DIRECTIONS: The output has to be the full set of records, reproduced exactly, minus any picture.

(Recorded data)

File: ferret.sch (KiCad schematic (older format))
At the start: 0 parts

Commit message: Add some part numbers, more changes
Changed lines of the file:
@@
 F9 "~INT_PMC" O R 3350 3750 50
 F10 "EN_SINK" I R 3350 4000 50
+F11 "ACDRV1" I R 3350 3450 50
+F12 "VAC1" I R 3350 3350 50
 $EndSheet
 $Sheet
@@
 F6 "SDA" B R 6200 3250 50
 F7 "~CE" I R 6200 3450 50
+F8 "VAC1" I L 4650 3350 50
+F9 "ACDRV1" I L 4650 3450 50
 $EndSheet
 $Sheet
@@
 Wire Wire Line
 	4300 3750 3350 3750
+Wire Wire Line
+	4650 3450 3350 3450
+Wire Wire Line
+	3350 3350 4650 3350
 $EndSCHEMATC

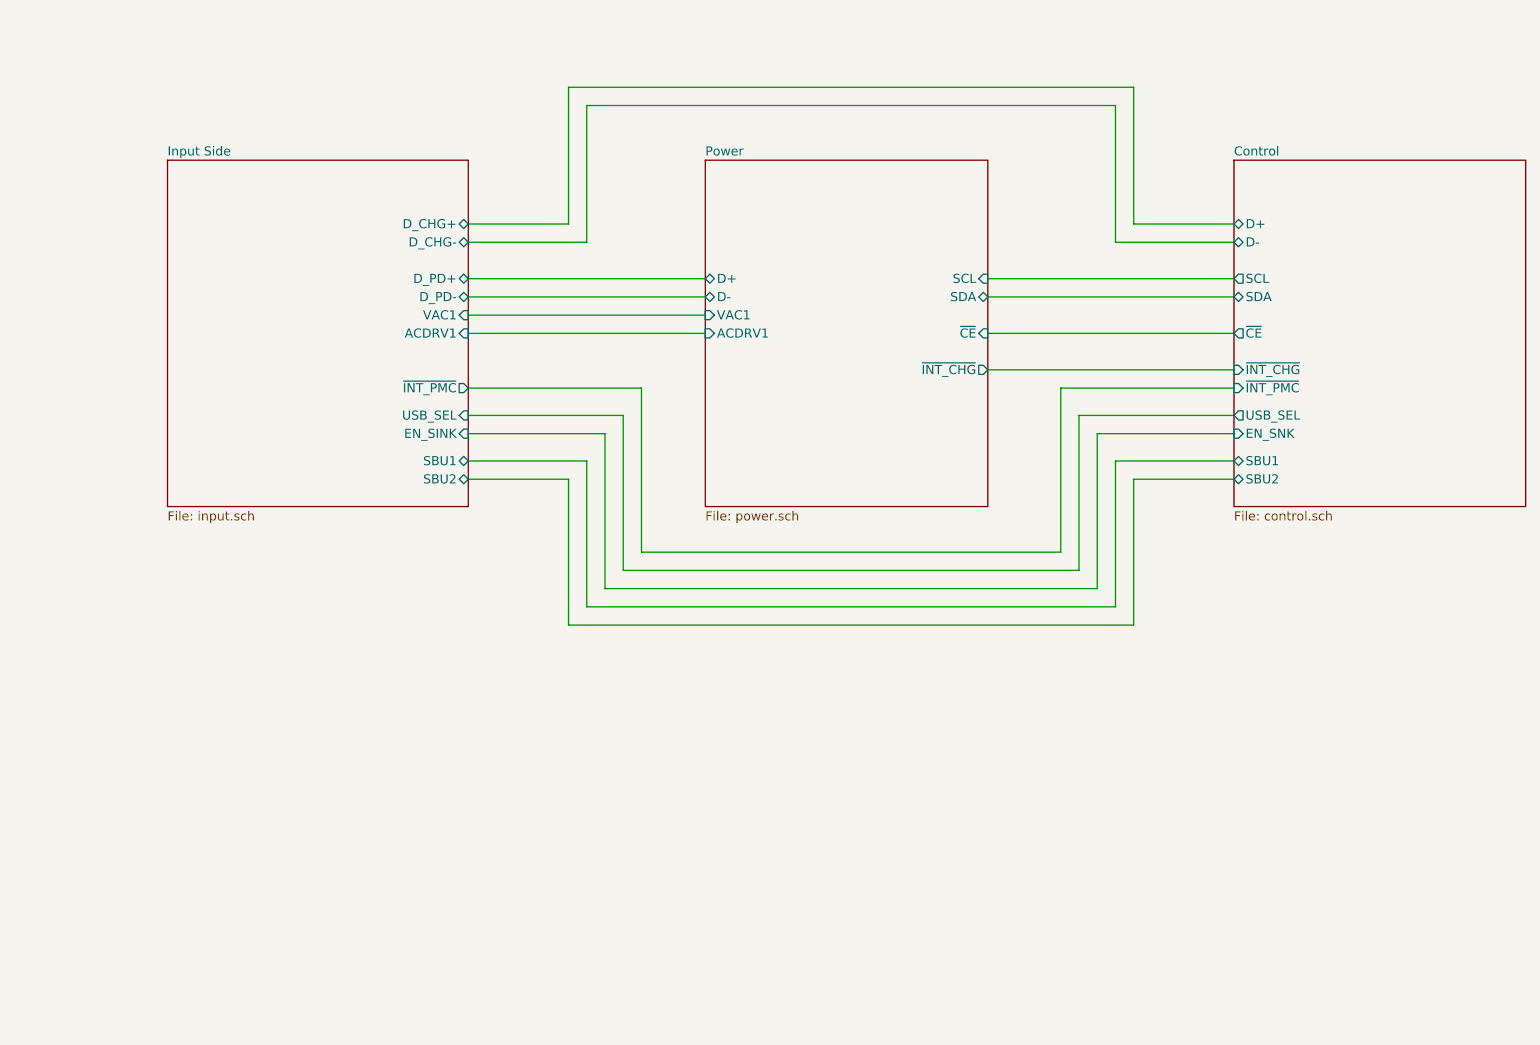
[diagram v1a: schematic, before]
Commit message: placed to 50x50mm, started to route
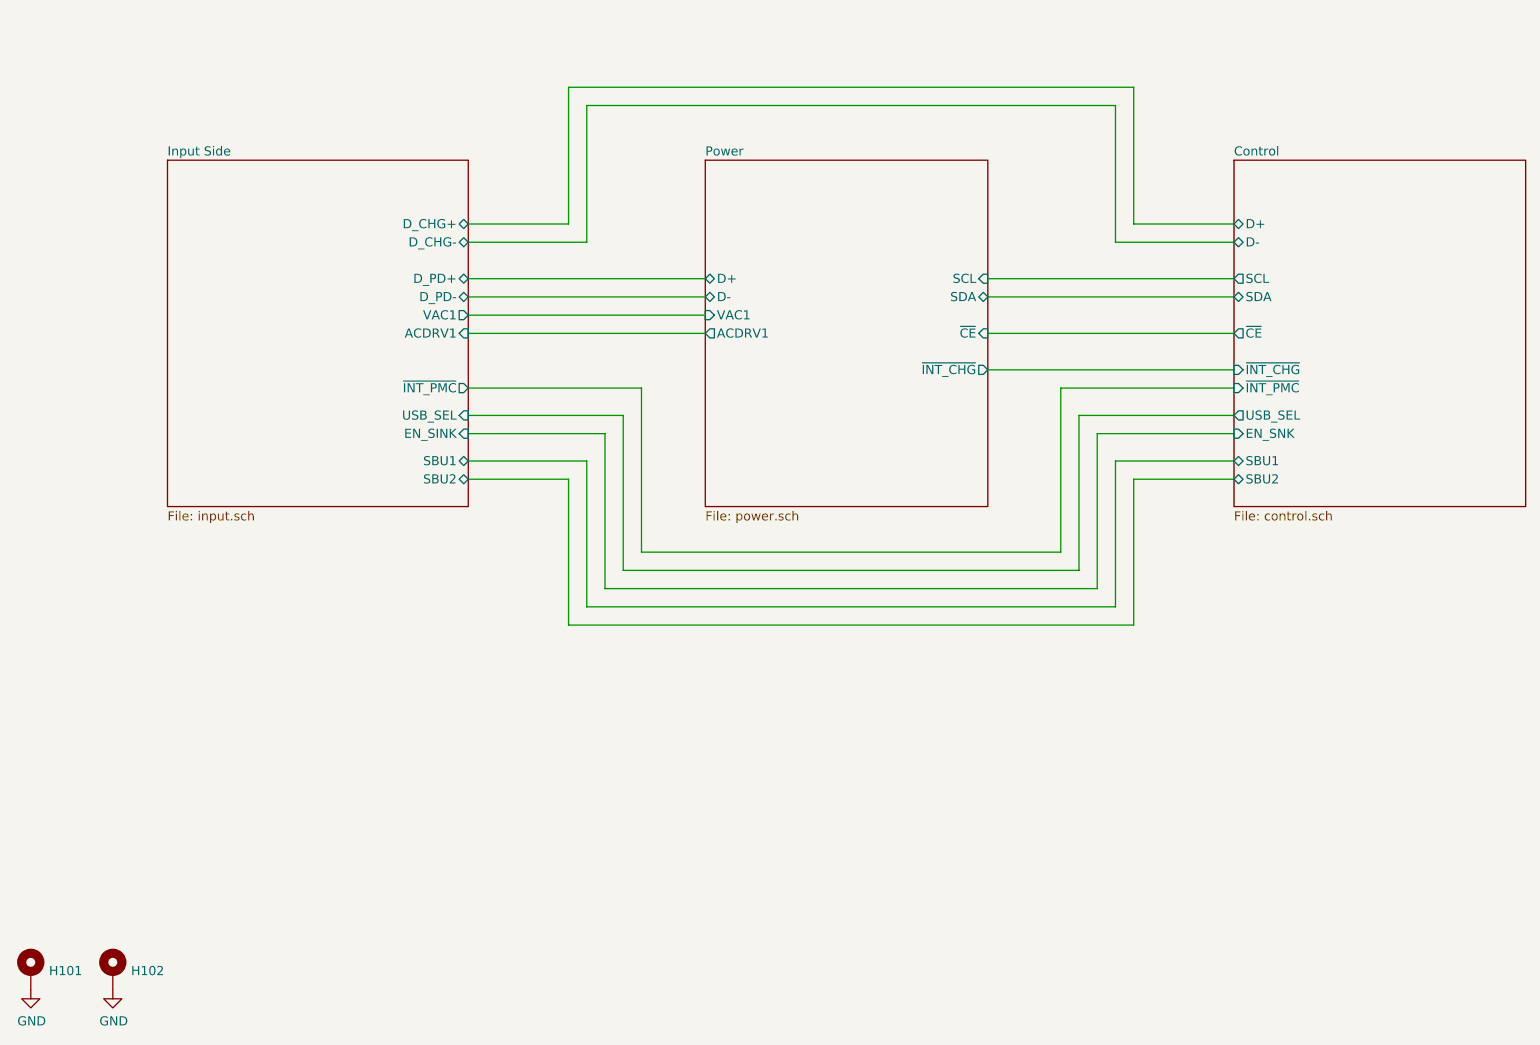
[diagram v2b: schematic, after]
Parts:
- added H101, H102: MountingHole_Pad, MountingHole:MountingHole_3.2mm_M3_ISO14580_Pad, symbol Mechanical:MountingHole_Pad
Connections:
- new net GND: H101.1, H102.1
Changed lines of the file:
@@
 F10 "EN_SINK" I R 3350 4000 50
 F11 "ACDRV1" I R 3350 3450 50
-F12 "VAC1" I R 3350 3350 50
+F12 "VAC1" O R 3350 3350 50
 $EndSheet
 $Sheet
@@
 F7 "~CE" I R 6200 3450 50
 F8 "VAC1" I L 4650 3350 50
-F9 "ACDRV1" I L 4650 3450 50
+F9 "ACDRV1" O L 4650 3450 50
 $EndSheet
 $Sheet
@@
 Wire Wire Line
 	3350 3350 4650 3350
+$Comp
+L Mechanical:MountingHole_Pad H102
+U 1 1 5F8E13F6
+P 1400 6950
+F 0 "H102" H 1500 6953 50  0000 L CNN
+F 1 "MountingHole_Pad" H 1500 6908 50  0001 L CNN
+F 2 "MountingHole:MountingHole_3.2mm_M3_ISO14580_Pad" H 1400 6950 50  0001 C CNN
+F 3 "~" H 1400 6950 50  0001 C CNN
+F 4 "DNP" H 1400 6950 50  0001 C CNN "MPN"
+	1    1400 6950
+	1    0    0    -1
+$EndComp
+$Comp
+L power:GND #PWR0116
+U 1 1 5F8E1B2F
+P 1400 7050
+F 0 "#PWR0116" H 1400 6800 50  0001 C CNN
+F 1 "GND" H 1405 6877 50  0000 C CNN
+F 2 "" H 1400 7050 50  0001 C CNN
+F 3 "" H 1400 7050 50  0001 C CNN
+	1    1400 7050
+	1    0    0    -1
+$EndComp
+$Comp
+L Mechanical:MountingHole_Pad H101
+U 1 1 5F8E4BF3
+P 950 6950
+F 0 "H101" H 1050 6953 50  0000 L CNN
+F 1 "MountingHole_Pad" H 1050 6908 50  0001 L CNN
+F 2 "MountingHole:MountingHole_3.2mm_M3_ISO14580_Pad" H 950 6950 50  0001 C CNN
+F 3 "~" H 950 6950 50  0001 C CNN
+F 4 "DNP" H 950 6950 50  0001 C CNN "MPN"
+	1    950  6950
+	1    0    0    -1
+$EndComp
+$Comp
+L power:GND #PWR0115
+U 1 1 5F8E4BF9
+P 950 7050
+F 0 "#PWR0115" H 950 6800 50  0001 C CNN
+F 1 "GND" H 955 6877 50  0000 C CNN
+F 2 "" H 950 7050 50  0001 C CNN
+F 3 "" H 950 7050 50  0001 C CNN
+	1    950  7050
+	1    0    0    -1
+$EndComp
 $EndSCHEMATC

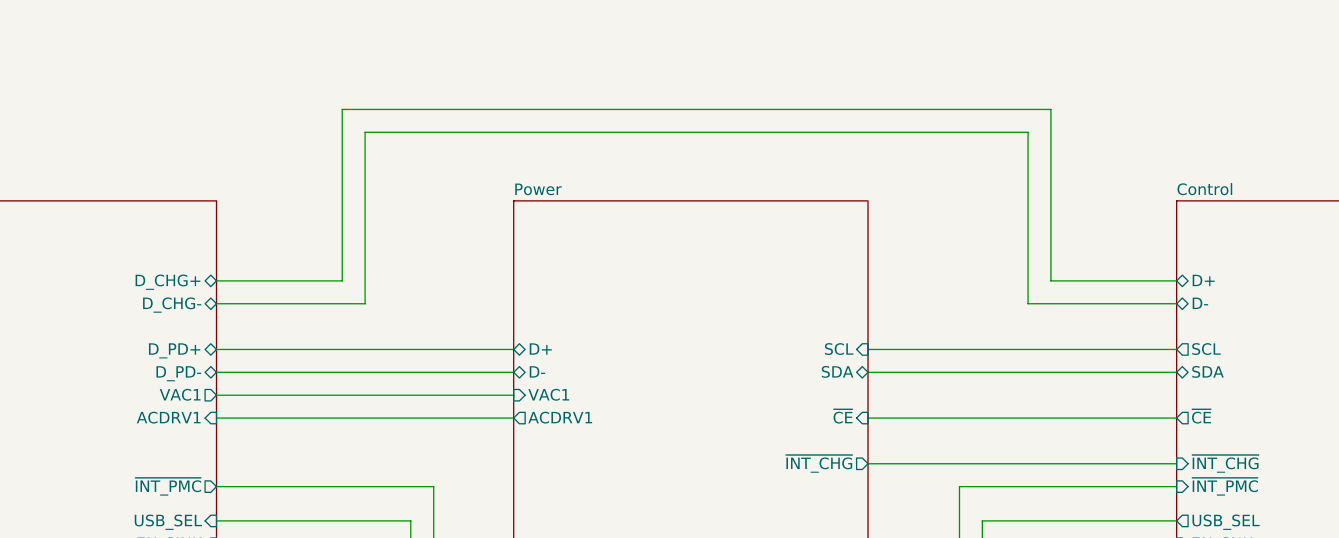
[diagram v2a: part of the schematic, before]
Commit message: fully routed but silk is still not done
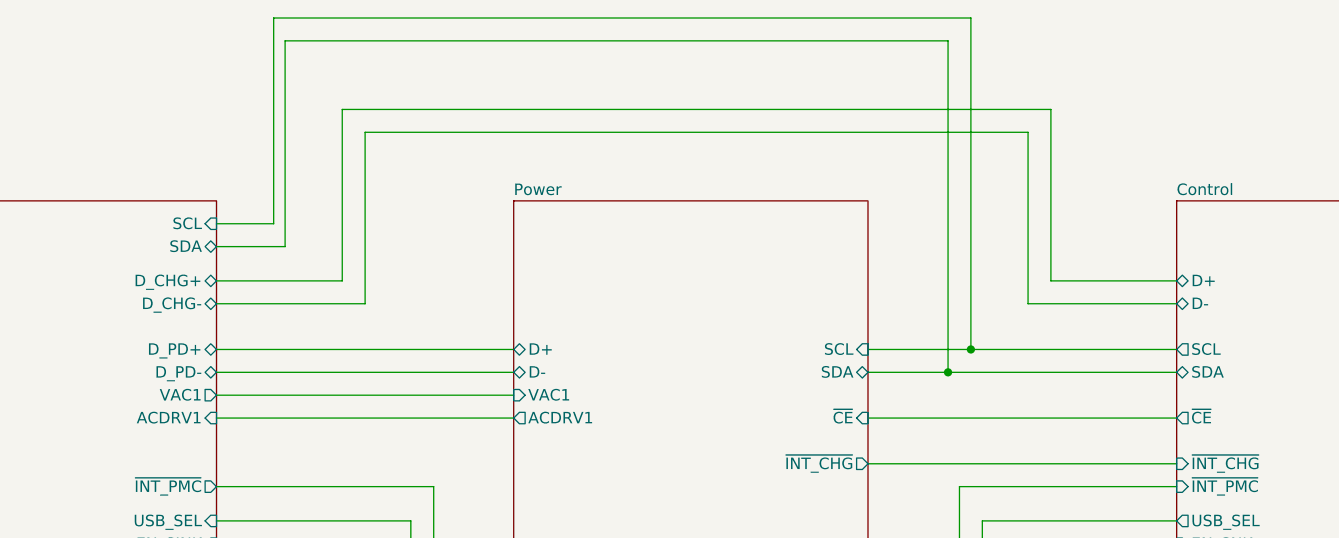
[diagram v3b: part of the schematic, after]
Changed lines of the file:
@@
 F11 "ACDRV1" I R 3350 3450 50
 F12 "VAC1" O R 3350 3350 50
+F13 "SCL" I R 3350 2600 50
+F14 "SDA" B R 3350 2700 50
 $EndSheet
 $Sheet
@@
 $EndSheet
 Wire Wire Line
-	6200 3250 7550 3250
+	6200 3250 6550 3250
 Wire Wire Line
-	7550 3150 6200 3150
+	7550 3150 6650 3150
 Wire Wire Line
 	7550 3450 6200 3450
@@
 	1    0    0    -1
 $EndComp
+Wire Wire Line
+	3350 2600 3600 2600
+Wire Wire Line
+	3600 2600 3600 1700
+Wire Wire Line
+	3600 1700 6650 1700
+Wire Wire Line
+	6650 1700 6650 3150
+Connection ~ 6650 3150
+Wire Wire Line
+	6650 3150 6200 3150
+Wire Wire Line
+	6550 3250 6550 1800
+Wire Wire Line
+	6550 1800 3650 1800
+Wire Wire Line
+	3650 1800 3650 2700
+Wire Wire Line
+	3650 2700 3350 2700
+Connection ~ 6550 3250
+Wire Wire Line
+	6550 3250 7550 3250
 $EndSCHEMATC

RESULT OF THE TASK:
File: ferret.sch (KiCad schematic (older format))
At the start: 0 parts

Commit message: Add some part numbers, more changes
Changed lines of the file:
@@
 F9 "~INT_PMC" O R 3350 3750 50
 F10 "EN_SINK" I R 3350 4000 50
+F11 "ACDRV1" I R 3350 3450 50
+F12 "VAC1" I R 3350 3350 50
 $EndSheet
 $Sheet
@@
 F6 "SDA" B R 6200 3250 50
 F7 "~CE" I R 6200 3450 50
+F8 "VAC1" I L 4650 3350 50
+F9 "ACDRV1" I L 4650 3450 50
 $EndSheet
 $Sheet
@@
 Wire Wire Line
 	4300 3750 3350 3750
+Wire Wire Line
+	4650 3450 3350 3450
+Wire Wire Line
+	3350 3350 4650 3350
 $EndSCHEMATC

[diagram v1a: schematic, before]
Commit message: placed to 50x50mm, started to route
[diagram v2b: schematic, after]
Parts:
- added H101, H102: MountingHole_Pad, MountingHole:MountingHole_3.2mm_M3_ISO14580_Pad, symbol Mechanical:MountingHole_Pad
Connections:
- new net GND: H101.1, H102.1
Changed lines of the file:
@@
 F10 "EN_SINK" I R 3350 4000 50
 F11 "ACDRV1" I R 3350 3450 50
-F12 "VAC1" I R 3350 3350 50
+F12 "VAC1" O R 3350 3350 50
 $EndSheet
 $Sheet
@@
 F7 "~CE" I R 6200 3450 50
 F8 "VAC1" I L 4650 3350 50
-F9 "ACDRV1" I L 4650 3450 50
+F9 "ACDRV1" O L 4650 3450 50
 $EndSheet
 $Sheet
@@
 Wire Wire Line
 	3350 3350 4650 3350
+$Comp
+L Mechanical:MountingHole_Pad H102
+U 1 1 5F8E13F6
+P 1400 6950
+F 0 "H102" H 1500 6953 50  0000 L CNN
+F 1 "MountingHole_Pad" H 1500 6908 50  0001 L CNN
+F 2 "MountingHole:MountingHole_3.2mm_M3_ISO14580_Pad" H 1400 6950 50  0001 C CNN
+F 3 "~" H 1400 6950 50  0001 C CNN
+F 4 "DNP" H 1400 6950 50  0001 C CNN "MPN"
+	1    1400 6950
+	1    0    0    -1
+$EndComp
+$Comp
+L power:GND #PWR0116
+U 1 1 5F8E1B2F
+P 1400 7050
+F 0 "#PWR0116" H 1400 6800 50  0001 C CNN
+F 1 "GND" H 1405 6877 50  0000 C CNN
+F 2 "" H 1400 7050 50  0001 C CNN
+F 3 "" H 1400 7050 50  0001 C CNN
+	1    1400 7050
+	1    0    0    -1
+$EndComp
+$Comp
+L Mechanical:MountingHole_Pad H101
+U 1 1 5F8E4BF3
+P 950 6950
+F 0 "H101" H 1050 6953 50  0000 L CNN
+F 1 "MountingHole_Pad" H 1050 6908 50  0001 L CNN
+F 2 "MountingHole:MountingHole_3.2mm_M3_ISO14580_Pad" H 950 6950 50  0001 C CNN
+F 3 "~" H 950 6950 50  0001 C CNN
+F 4 "DNP" H 950 6950 50  0001 C CNN "MPN"
+	1    950  6950
+	1    0    0    -1
+$EndComp
+$Comp
+L power:GND #PWR0115
+U 1 1 5F8E4BF9
+P 950 7050
+F 0 "#PWR0115" H 950 6800 50  0001 C CNN
+F 1 "GND" H 955 6877 50  0000 C CNN
+F 2 "" H 950 7050 50  0001 C CNN
+F 3 "" H 950 7050 50  0001 C CNN
+	1    950  7050
+	1    0    0    -1
+$EndComp
 $EndSCHEMATC

[diagram v2a: part of the schematic, before]
Commit message: fully routed but silk is still not done
[diagram v3b: part of the schematic, after]
Changed lines of the file:
@@
 F11 "ACDRV1" I R 3350 3450 50
 F12 "VAC1" O R 3350 3350 50
+F13 "SCL" I R 3350 2600 50
+F14 "SDA" B R 3350 2700 50
 $EndSheet
 $Sheet
@@
 $EndSheet
 Wire Wire Line
-	6200 3250 7550 3250
+	6200 3250 6550 3250
 Wire Wire Line
-	7550 3150 6200 3150
+	7550 3150 6650 3150
 Wire Wire Line
 	7550 3450 6200 3450
@@
 	1    0    0    -1
 $EndComp
+Wire Wire Line
+	3350 2600 3600 2600
+Wire Wire Line
+	3600 2600 3600 1700
+Wire Wire Line
+	3600 1700 6650 1700
+Wire Wire Line
+	6650 1700 6650 3150
+Connection ~ 6650 3150
+Wire Wire Line
+	6650 3150 6200 3150
+Wire Wire Line
+	6550 3250 6550 1800
+Wire Wire Line
+	6550 1800 3650 1800
+Wire Wire Line
+	3650 1800 3650 2700
+Wire Wire Line
+	3650 2700 3350 2700
+Connection ~ 6550 3250
+Wire Wire Line
+	6550 3250 7550 3250
 $EndSCHEMATC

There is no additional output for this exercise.